▸ **Material to process**

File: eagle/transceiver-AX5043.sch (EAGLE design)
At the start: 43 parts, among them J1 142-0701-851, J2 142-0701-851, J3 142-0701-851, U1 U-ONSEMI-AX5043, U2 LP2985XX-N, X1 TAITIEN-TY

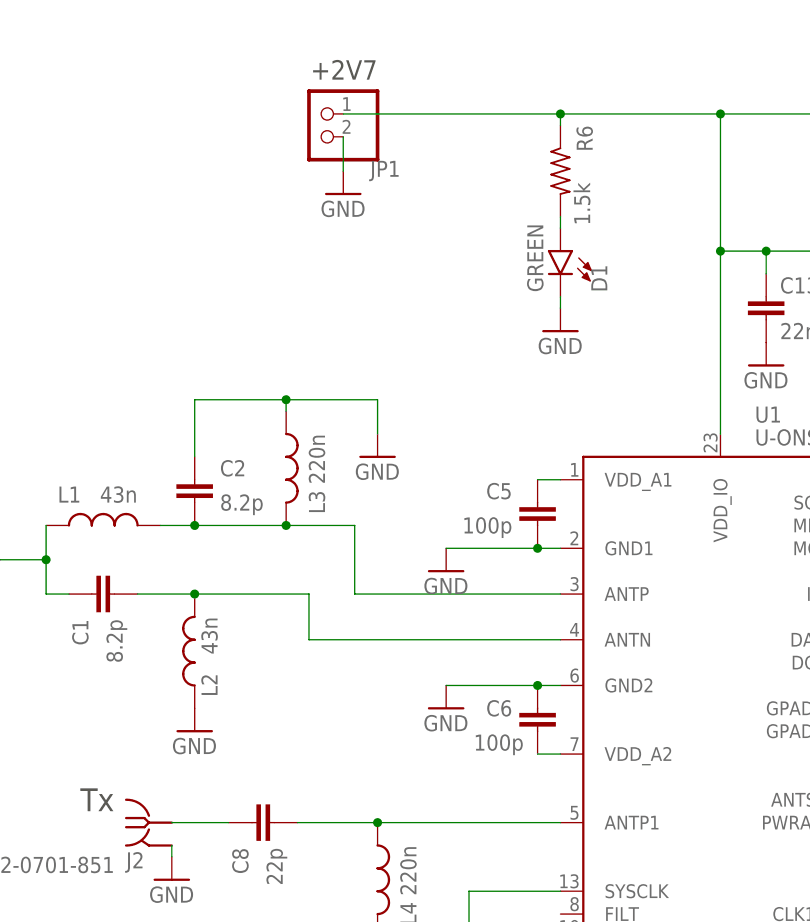
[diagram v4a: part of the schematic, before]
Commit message: Update AX5043
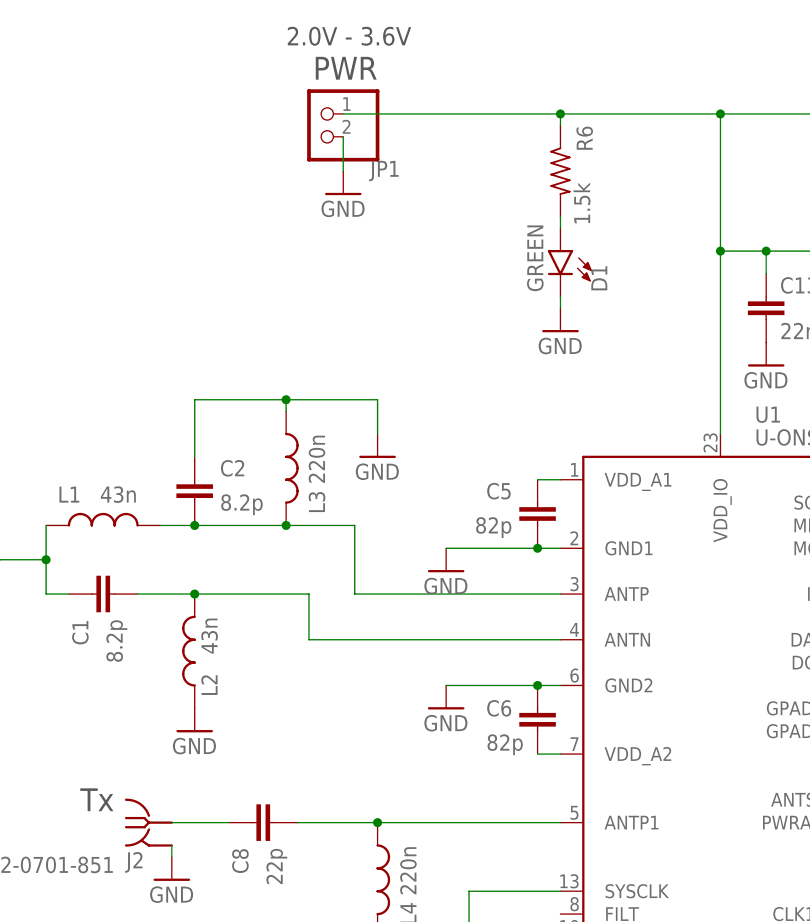
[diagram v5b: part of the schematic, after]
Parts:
- C5, C6: value 100p -> 82p
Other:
- note added: "2.0V - 3.6V"
- note added: "PWR"
- note removed: "+2V7"
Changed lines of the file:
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@@
 <?xml version="1.0" encoding="utf-8"?>
 <!DOCTYPE eagle SYSTEM "eagle.dtd">
-<eagle version="9.2.2">
+<eagle version="9.5.1">
 <drawing>
 <settings>
@@
 <part name="X1" library="X-Taitien-TY-TCXO" deviceset="TAITIEN-TY" device=""/>
 <part name="GND13" library="supply1" library_urn="urn:adsk.eagle:library:371" deviceset="GND" device=""/>
-<part name="C5" library="oresat-rcl" deviceset="C-EU" device="0402-C-NOSILK" value="100p"/>
-<part name="C6" library="oresat-rcl" deviceset="C-EU" device="0402-C-NOSILK" value="100p"/>
+<part name="C5" library="oresat-rcl" deviceset="C-EU" device="0402-C-NOSILK" value="82p"/>
+<part name="C6" library="oresat-rcl" deviceset="C-EU" device="0402-C-NOSILK" value="82p"/>
 <part name="L3" library="oresat-rcl" deviceset="L-US" device="0603-C-NOSILK" value="220n"/>
 <part name="L4" library="oresat-rcl" deviceset="L-US" device="0603-C-NOSILK" value="220n"/>
@@
 <text x="71.12" y="102.87" size="2.54" layer="97">Tx</text>
 <text x="59.69" y="77.47" size="2.54" layer="97">Ref-Out</text>
-<text x="104.14" y="184.15" size="2.159" layer="97" rot="MR0">+2V7</text>
+<text x="104.14" y="184.15" size="2.54" layer="97" rot="MR0">PWR</text>
 <text x="186.69" y="163.83" size="2.159" layer="97">SPI / IRQ</text>
 <text x="196.85" y="138.43" size="2.159" layer="97">Wire-Mode</text>
@@
 400 - 525 MHz
 800 - 1050 MHz</text>
+<text x="93.98" y="187.96" size="2.032" layer="97">2.0V - 3.6V</text>
 </plain>
 <instances>

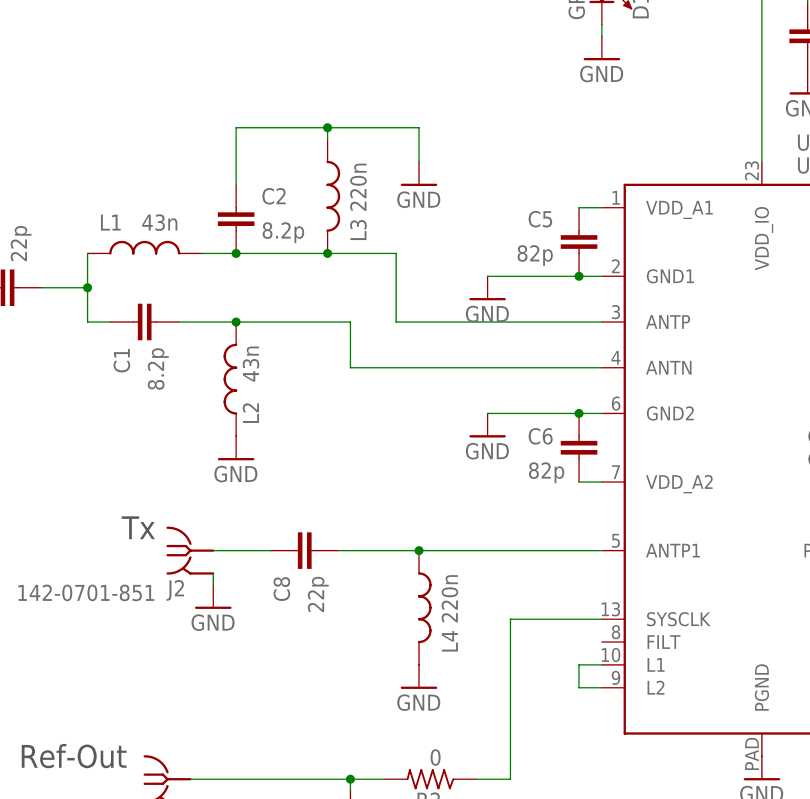
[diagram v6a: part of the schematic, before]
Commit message: Update AX5043 values
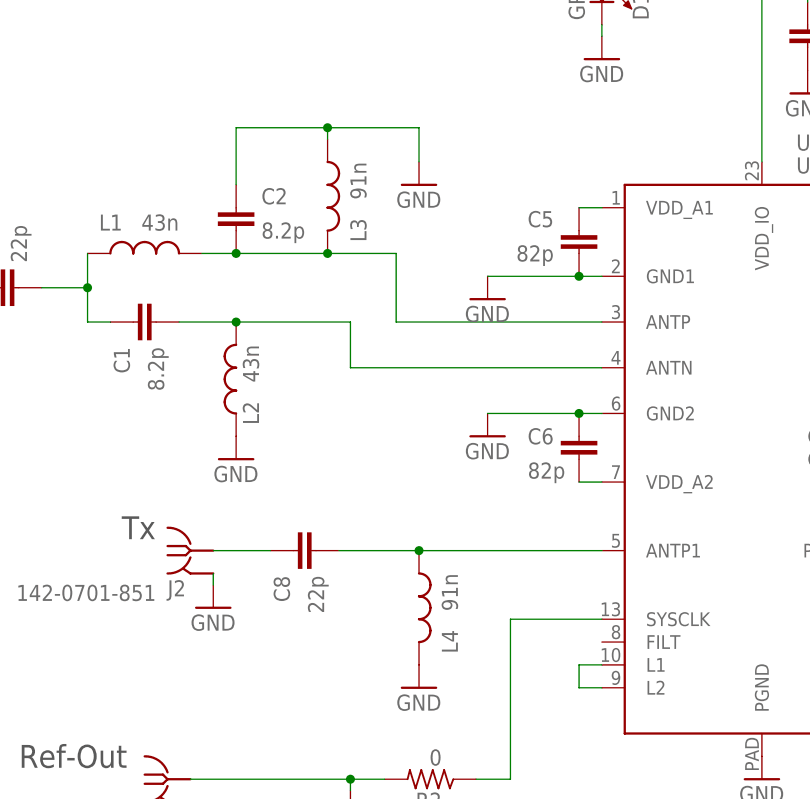
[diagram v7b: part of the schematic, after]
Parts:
- L3, L4: value 220n -> 91n
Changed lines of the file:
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@@
 <part name="C5" library="oresat-rcl" deviceset="C-EU" device="0402-C-NOSILK" value="82p"/>
 <part name="C6" library="oresat-rcl" deviceset="C-EU" device="0402-C-NOSILK" value="82p"/>
-<part name="L3" library="oresat-rcl" deviceset="L-US" device="0603-C-NOSILK" value="220n"/>
-<part name="L4" library="oresat-rcl" deviceset="L-US" device="0603-C-NOSILK" value="220n"/>
+<part name="L3" library="oresat-rcl" deviceset="L-US" device="0603-C-NOSILK" value="91n"/>
+<part name="L4" library="oresat-rcl" deviceset="L-US" device="0603-C-NOSILK" value="91n"/>
 <part name="C7" library="oresat-rcl" deviceset="C-EU" device="0402-C-NOSILK" value="22p"/>
 <part name="C8" library="oresat-rcl" deviceset="C-EU" device="0402-C-NOSILK" value="22p"/>

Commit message: Update values
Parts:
- R1: value 1k -> 150
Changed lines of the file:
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@@
 <part name="JP4" library="pinhead" library_urn="urn:adsk.eagle:library:325" deviceset="PINHD-1X6" device="" package3d_urn="urn:adsk.eagle:package:22472/2"/>
 <part name="GND11" library="supply1" library_urn="urn:adsk.eagle:library:371" deviceset="GND" device=""/>
-<part name="R1" library="oresat-rcl" deviceset="R-US_" device="0402-C-NOSILK" value="1k"/>
+<part name="R1" library="oresat-rcl" deviceset="R-US_" device="0402-C-NOSILK" value="150"/>
 <part name="C3" library="oresat-rcl" deviceset="C-EU" device="0402-C-NOSILK" value="1n"/>
 <part name="C4" library="oresat-rcl" deviceset="C-EU" device="0402-C-NOSILK" value="1n"/>

▸ **Task to carry out**
Copy each line of the material above exactly, but not the images.

▸ **Answer space**
File: eagle/transceiver-AX5043.sch (EAGLE design)
At the start: 43 parts, among them J1 142-0701-851, J2 142-0701-851, J3 142-0701-851, U1 U-ONSEMI-AX5043, U2 LP2985XX-N, X1 TAITIEN-TY

[diagram v4a: part of the schematic, before]
Commit message: Update AX5043
[diagram v5b: part of the schematic, after]
Parts:
- C5, C6: value 100p -> 82p
Other:
- note added: "2.0V - 3.6V"
- note added: "PWR"
- note removed: "+2V7"
Changed lines of the file:
@@
 <?xml version="1.0" encoding="utf-8"?>
 <!DOCTYPE eagle SYSTEM "eagle.dtd">
-<eagle version="9.2.2">
+<eagle version="9.5.1">
 <drawing>
 <settings>
@@
 <part name="X1" library="X-Taitien-TY-TCXO" deviceset="TAITIEN-TY" device=""/>
 <part name="GND13" library="supply1" library_urn="urn:adsk.eagle:library:371" deviceset="GND" device=""/>
-<part name="C5" library="oresat-rcl" deviceset="C-EU" device="0402-C-NOSILK" value="100p"/>
-<part name="C6" library="oresat-rcl" deviceset="C-EU" device="0402-C-NOSILK" value="100p"/>
+<part name="C5" library="oresat-rcl" deviceset="C-EU" device="0402-C-NOSILK" value="82p"/>
+<part name="C6" library="oresat-rcl" deviceset="C-EU" device="0402-C-NOSILK" value="82p"/>
 <part name="L3" library="oresat-rcl" deviceset="L-US" device="0603-C-NOSILK" value="220n"/>
 <part name="L4" library="oresat-rcl" deviceset="L-US" device="0603-C-NOSILK" value="220n"/>
@@
 <text x="71.12" y="102.87" size="2.54" layer="97">Tx</text>
 <text x="59.69" y="77.47" size="2.54" layer="97">Ref-Out</text>
-<text x="104.14" y="184.15" size="2.159" layer="97" rot="MR0">+2V7</text>
+<text x="104.14" y="184.15" size="2.54" layer="97" rot="MR0">PWR</text>
 <text x="186.69" y="163.83" size="2.159" layer="97">SPI / IRQ</text>
 <text x="196.85" y="138.43" size="2.159" layer="97">Wire-Mode</text>
@@
 400 - 525 MHz
 800 - 1050 MHz</text>
+<text x="93.98" y="187.96" size="2.032" layer="97">2.0V - 3.6V</text>
 </plain>
 <instances>

[diagram v6a: part of the schematic, before]
Commit message: Update AX5043 values
[diagram v7b: part of the schematic, after]
Parts:
- L3, L4: value 220n -> 91n
Changed lines of the file:
@@
 <part name="C5" library="oresat-rcl" deviceset="C-EU" device="0402-C-NOSILK" value="82p"/>
 <part name="C6" library="oresat-rcl" deviceset="C-EU" device="0402-C-NOSILK" value="82p"/>
-<part name="L3" library="oresat-rcl" deviceset="L-US" device="0603-C-NOSILK" value="220n"/>
-<part name="L4" library="oresat-rcl" deviceset="L-US" device="0603-C-NOSILK" value="220n"/>
+<part name="L3" library="oresat-rcl" deviceset="L-US" device="0603-C-NOSILK" value="91n"/>
+<part name="L4" library="oresat-rcl" deviceset="L-US" device="0603-C-NOSILK" value="91n"/>
 <part name="C7" library="oresat-rcl" deviceset="C-EU" device="0402-C-NOSILK" value="22p"/>
 <part name="C8" library="oresat-rcl" deviceset="C-EU" device="0402-C-NOSILK" value="22p"/>

Commit message: Update values
Parts:
- R1: value 1k -> 150
Changed lines of the file:
@@
 <part name="JP4" library="pinhead" library_urn="urn:adsk.eagle:library:325" deviceset="PINHD-1X6" device="" package3d_urn="urn:adsk.eagle:package:22472/2"/>
 <part name="GND11" library="supply1" library_urn="urn:adsk.eagle:library:371" deviceset="GND" device=""/>
-<part name="R1" library="oresat-rcl" deviceset="R-US_" device="0402-C-NOSILK" value="1k"/>
+<part name="R1" library="oresat-rcl" deviceset="R-US_" device="0402-C-NOSILK" value="150"/>
 <part name="C3" library="oresat-rcl" deviceset="C-EU" device="0402-C-NOSILK" value="1n"/>
 <part name="C4" library="oresat-rcl" deviceset="C-EU" device="0402-C-NOSILK" value="1n"/>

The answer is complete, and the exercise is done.